Work and wages problems link the amount of work done by individuals or teams to the money they earn. These problems are important because they test your ability to divide payment fairly according to work contribution or time spent.

Typical applications include sharing a total payment among workers based on their efficiencies, times worked, or agreed ratios.

Pattern: Work and Wages Problems

Pattern

Key concept: Payment is distributed in the same ratio as the work done by each person (not their time), and work done = rate × time.

Steps to apply:

  1. Find each person's one-day work (efficiency) or use given ratio of efficiencies.
  2. Compute actual work done by each: (efficiency × time worked) or use proportional parts.
  3. Total payment × (individual work ÷ total work) = individual share.

Step-by-Step Example

Question

Three workers A, B and C can complete a job together. A alone takes 12 days, B alone takes 15 days and C alone takes 20 days. They finish the job together and receive ₹1080. How much does each worker get?

Solution

  1. Step 1: Compute one-day work (efficiency)

    A = 1/12, B = 1/15, C = 1/20.

  2. Step 2: Convert to a common denominator

    Use LCM(12,15,20) = 60: A = 5/60, B = 4/60, C = 3/60.

  3. Step 3: Write efficiency ratio

    Efficiency ratio A : B : C = 5 : 4 : 3.

  4. Step 4: Find total parts

    Total parts = 5 + 4 + 3 = 12 parts.

  5. Step 5: Compute payment per part

    Payment per part = ₹1080 ÷ 12 = ₹90.

  6. Step 6: Compute individual shares

    A = 5 × 90 = ₹450.
    B = 4 × 90 = ₹360.
    C = 3 × 90 = ₹270.

  7. Final Answer:

    A gets ₹450, B gets ₹360, C gets ₹270

  8. Quick Check:

    Sum = 450 + 360 + 270 = ₹1080 ✅; ratio 5 : 4 : 3 consistent with efficiencies.

Quick Variations

1. Workers are paid based on time (if they are paid hourly rather than by work) - then distribute proportionally to time worked.

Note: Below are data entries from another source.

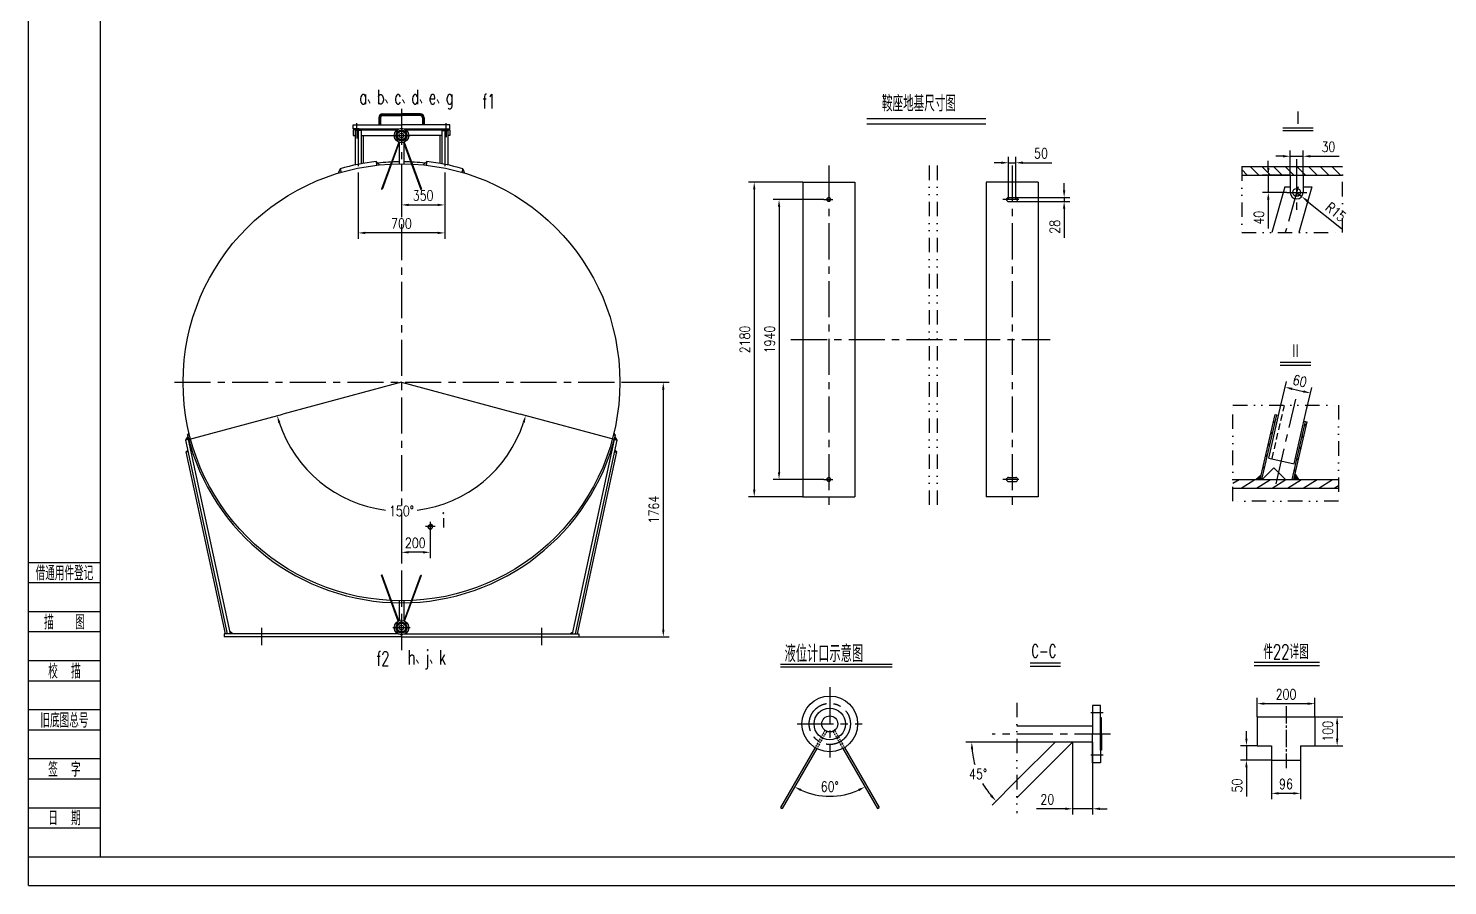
# Model space of a CAD drawing. Header units: millimetres. Extents: x -500 to 16320, y -200 to 11680.
# Drawn here: x -500 to 9340, y -200 to 5740 of the extents above; entities that cross this region are included whole.
import ezdxf
from ezdxf.enums import TextEntityAlignment as Align

# ---------------------------------------------------------------- set-up
doc = ezdxf.new("R2010")
doc.units = ezdxf.units.MM
doc.header["$LTSCALE"] = 200
for name, pattern in [('CENT2', [0.82, 0.6, -0.07, 0.08, -0.07]), ('CENTER', [2, 1.25, -0.25, 0.25, -0.25]), ('DASHED', [0.75, 0.5, -0.25]), ('DIVIDE', [1.25, 0.5, -0.25, 0, -0.25, 0, -0.25])]:
    doc.linetypes.add(name, pattern=pattern)
for name, color, linetype in [('1轮廓实线层', 7, 'Continuous'), ('2细线层', 4, 'Continuous'), ('3中心线层', 1, 'CENTER'), ('4虚线层', 6, 'DASHED'), ('5剖面线层', 2, 'Continuous'), ('6文字层', 3, 'Continuous'), ('7标注层', 4, 'Continuous'), ('8符号标注层', 4, 'Continuous'), ('9双点划线层', 6, 'DIVIDE'), ('B', 7, 'Continuous'), ('C', 1, 'CENTER'), ('C2', 1, 'CENT2'), ('图框层', 7, 'Continuous')]:
    doc.layers.add(name, color=color, linetype=linetype)
doc.styles.add('PC_TEXTSTYLE', font='romans.shx', dxfattribs={"width": 0.8, "bigfont": 'hzfs.shx'})
doc.styles.add('TH_GBDIM', font='romans.shx', dxfattribs={"width": 0.8, "bigfont": 'gbcbig.shx'})
doc.dimstyles.new('TH_GBDIM', dxfattribs={"dimscale": 20, "dimtxt": 3.5, "dimasz": 2.5, "dimexe": 2, "dimexo": 0, "dimgap": 1.5, "dimtad": 1, "dimdec": 1, "dimzin": 0, "dimdsep": 46, "dimtxsty": 'TH_GBDIM', "dimcen": 2.5, "dimclrd": 130, "dimclre": 130, "dimclrt": 3, "dimadec": 0, "dimazin": 0, "dimtfac": 0.714286, "dimtdec": 1, "dimtmove": 0, "dimatfit": 3, "dimfxl": 0, "dimtolj": 1, "dimtzin": 0, "dimlwd": -1, "dimlwe": -1, "dimarcsym": 0})

# ---------------------------------------------------------------- blocks, each defined once
blk = doc.blocks.new('*D32')
at = {"layer": '7标注层', "color": 130}
for p, q in [((5015.8, 4554.2), (4664.5, 4554.2)), ((4704.5, 4504.2), (4704.5, 2664.2)), ((5015.8, 2614.2), (4664.5, 2614.2))]:
    blk.add_line(p, q, dxfattribs=at)
for points in [[(4696.2, 4504.2), (4712.9, 4504.2), (4704.5, 4554.2)], [(4696.2, 2664.2), (4712.9, 2664.2), (4704.5, 2614.2)]]:
    blk.add_solid(points, dxfattribs=at)
at = {"layer": 'Defpoints', "color": 0}
for p in [(5015.8, 4554.2), (4704.5, 2614.2), (5015.8, 2614.2)]:
    blk.add_point(p, dxfattribs=at)
at = {"layer": '7标注层', "color": 3, "insert": (4639.5, 3584.2), "char_height": 70, "attachment_point": 5, "rotation": 90, "style": 'TH_GBDIM'}
blk.add_mtext('\\A1;1940{}{}', dxfattribs=at)
blk = doc.blocks.new('*D33')
at = {"layer": '7标注层', "color": 130}
for p, q in [((4869.2, 4674.2), (4492.6, 4674.2)), ((4532.6, 4624.2), (4532.6, 2544.2)), ((4869.2, 2494.2), (4492.6, 2494.2))]:
    blk.add_line(p, q, dxfattribs=at)
for points in [[(4524.3, 4624.2), (4541, 4624.2), (4532.6, 4674.2)], [(4524.3, 2544.2), (4541, 2544.2), (4532.6, 2494.2)]]:
    blk.add_solid(points, dxfattribs=at)
at = {"layer": 'Defpoints', "color": 0}
for p in [(4869.2, 4674.2), (4532.6, 2494.2), (4869.2, 2494.2)]:
    blk.add_point(p, dxfattribs=at)
at = {"layer": '7标注层', "color": 3, "insert": (4467.6, 3584.2), "char_height": 70, "attachment_point": 5, "rotation": 90, "style": 'TH_GBDIM'}
blk.add_mtext('\\A1;2180{}{}', dxfattribs=at)
blk = doc.blocks.new('*D34')
at = {"layer": '7标注层', "color": 130}
for p, q in [((6295, 4554.2), (6295, 4849)), ((6345, 4554.2), (6345, 4849)), ((6245, 4809), (6195, 4809)), ((6295, 4809), (6345, 4809)), ((6395, 4809), (6595.7, 4809))]:
    blk.add_line(p, q, dxfattribs=at)
for points in [[(6245, 4817.4), (6245, 4800.7), (6295, 4809)], [(6395, 4817.4), (6395, 4800.7), (6345, 4809)]]:
    blk.add_solid(points, dxfattribs=at)
at = {"layer": 'Defpoints', "color": 0}
for p in [(6345, 4809), (6295, 4554.2), (6345, 4554.2)]:
    blk.add_point(p, dxfattribs=at)
at = {"layer": '7标注层', "color": 3, "insert": (6520.4, 4874), "char_height": 70, "attachment_point": 5, "style": 'TH_GBDIM'}
blk.add_mtext('\\A1;50{}{}', dxfattribs=at)
blk = doc.blocks.new('*D35')
at = {"layer": '7标注层', "color": 130}
for p, q in [((6681.1, 4618.2), (6681.1, 4668.2)), ((6345, 4568.2), (6721.1, 4568.2)), ((6345, 4540.2), (6721.1, 4540.2)), ((6681.1, 4568.2), (6681.1, 4540.2)), ((6681.1, 4490.2), (6681.1, 4289.6))]:
    blk.add_line(p, q, dxfattribs=at)
for points in [[(6672.8, 4618.2), (6689.5, 4618.2), (6681.1, 4568.2)], [(6672.8, 4490.2), (6689.5, 4490.2), (6681.1, 4540.2)]]:
    blk.add_solid(points, dxfattribs=at)
at = {"layer": 'Defpoints', "color": 0}
for p in [(6345, 4568.2), (6345, 4540.2), (6681.1, 4540.2)]:
    blk.add_point(p, dxfattribs=at)
at = {"layer": '7标注层', "color": 3, "insert": (6616.1, 4364.9), "char_height": 70, "attachment_point": 5, "rotation": 90, "style": 'TH_GBDIM'}
blk.add_mtext('\\A1;28{}{}', dxfattribs=at)
blk = doc.blocks.new('*D44')
at = {"layer": '7标注层', "color": 130}
for p, q in [((7944.9, 819.1), (7944.9, 869.1)), ((8019.4, 769.1), (7904.9, 769.1)), ((7944.9, 769.1), (7944.9, 669.1)), ((8119.4, 669.1), (7904.9, 669.1)), ((7944.9, 619.1), (7944.9, 418.4))]:
    blk.add_line(p, q, dxfattribs=at)
for points in [[(7936.6, 819.1), (7953.3, 819.1), (7944.9, 769.1)], [(7936.6, 619.1), (7953.3, 619.1), (7944.9, 669.1)]]:
    blk.add_solid(points, dxfattribs=at)
at = {"layer": 'Defpoints', "color": 0}
for p in [(8019.4, 769.1), (7944.9, 669.1), (8119.4, 669.1)]:
    blk.add_point(p, dxfattribs=at)
at = {"layer": '7标注层', "color": 3, "insert": (7879.9, 493.8), "char_height": 70, "attachment_point": 5, "rotation": 90, "style": 'TH_GBDIM'}
blk.add_mtext('\\A1;50{}{}', dxfattribs=at)
blk = doc.blocks.new('*D45')
at = {"layer": '7标注层', "color": 130}
for p, q in [((8019.4, 969.1), (8019.4, 1100.7)), ((8419.4, 969.1), (8419.4, 1100.7)), ((8369.4, 1060.7), (8069.4, 1060.7))]:
    blk.add_line(p, q, dxfattribs=at)
for points in [[(8069.4, 1069.1), (8069.4, 1052.4), (8019.4, 1060.7)], [(8369.4, 1069.1), (8369.4, 1052.4), (8419.4, 1060.7)]]:
    blk.add_solid(points, dxfattribs=at)
at = {"layer": 'Defpoints', "color": 0}
for p in [(8019.4, 1060.7), (8019.4, 969.1), (8419.4, 969.1)]:
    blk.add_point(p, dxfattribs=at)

2. Some workers join later or leave early - compute individual work done (rate × time) and share payment accordingly.

3. One worker is paid a fixed amount first, remaining shared among others by work done - subtract fixed part then distribute remainder by work ratio.

4. Problems where wages include bonuses or deductions - apply wage adjustments after computing base shares.

Trick to Always Use

  • Step 1 → Convert times to efficiencies (one-day work) or use given efficiency ratio directly.
  • Step 2 → Compute actual work done by each (efficiency × time worked); if all work whole job together, use efficiencies as parts.
  • Step 3 → Payment share = Total pay × (individual work ÷ total work).

Summary

Summary

For Work and Wages problems:

  • Always base payment on work done unless the problem explicitly says "paid by time".
  • Work done = rate × time; efficiencies are reciprocals of individual times for the whole job.
  • Reduce ratios to smallest integer parts using LCM to make division simple.
  • Quick sanity check: individual shares must sum to total payment and preserve the computed ratio.

Practice

(1/5)
1. A can complete a work in 10 days and B in 20 days. They together earn ₹1200 for completing the work. What is A’s share of wages?
easy
A. ₹800
B. ₹600
C. ₹900
D. ₹700

Solution

  1. Step 1: Compute individual efficiencies

    A’s one-day work = 1/10; B’s one-day work = 1/20.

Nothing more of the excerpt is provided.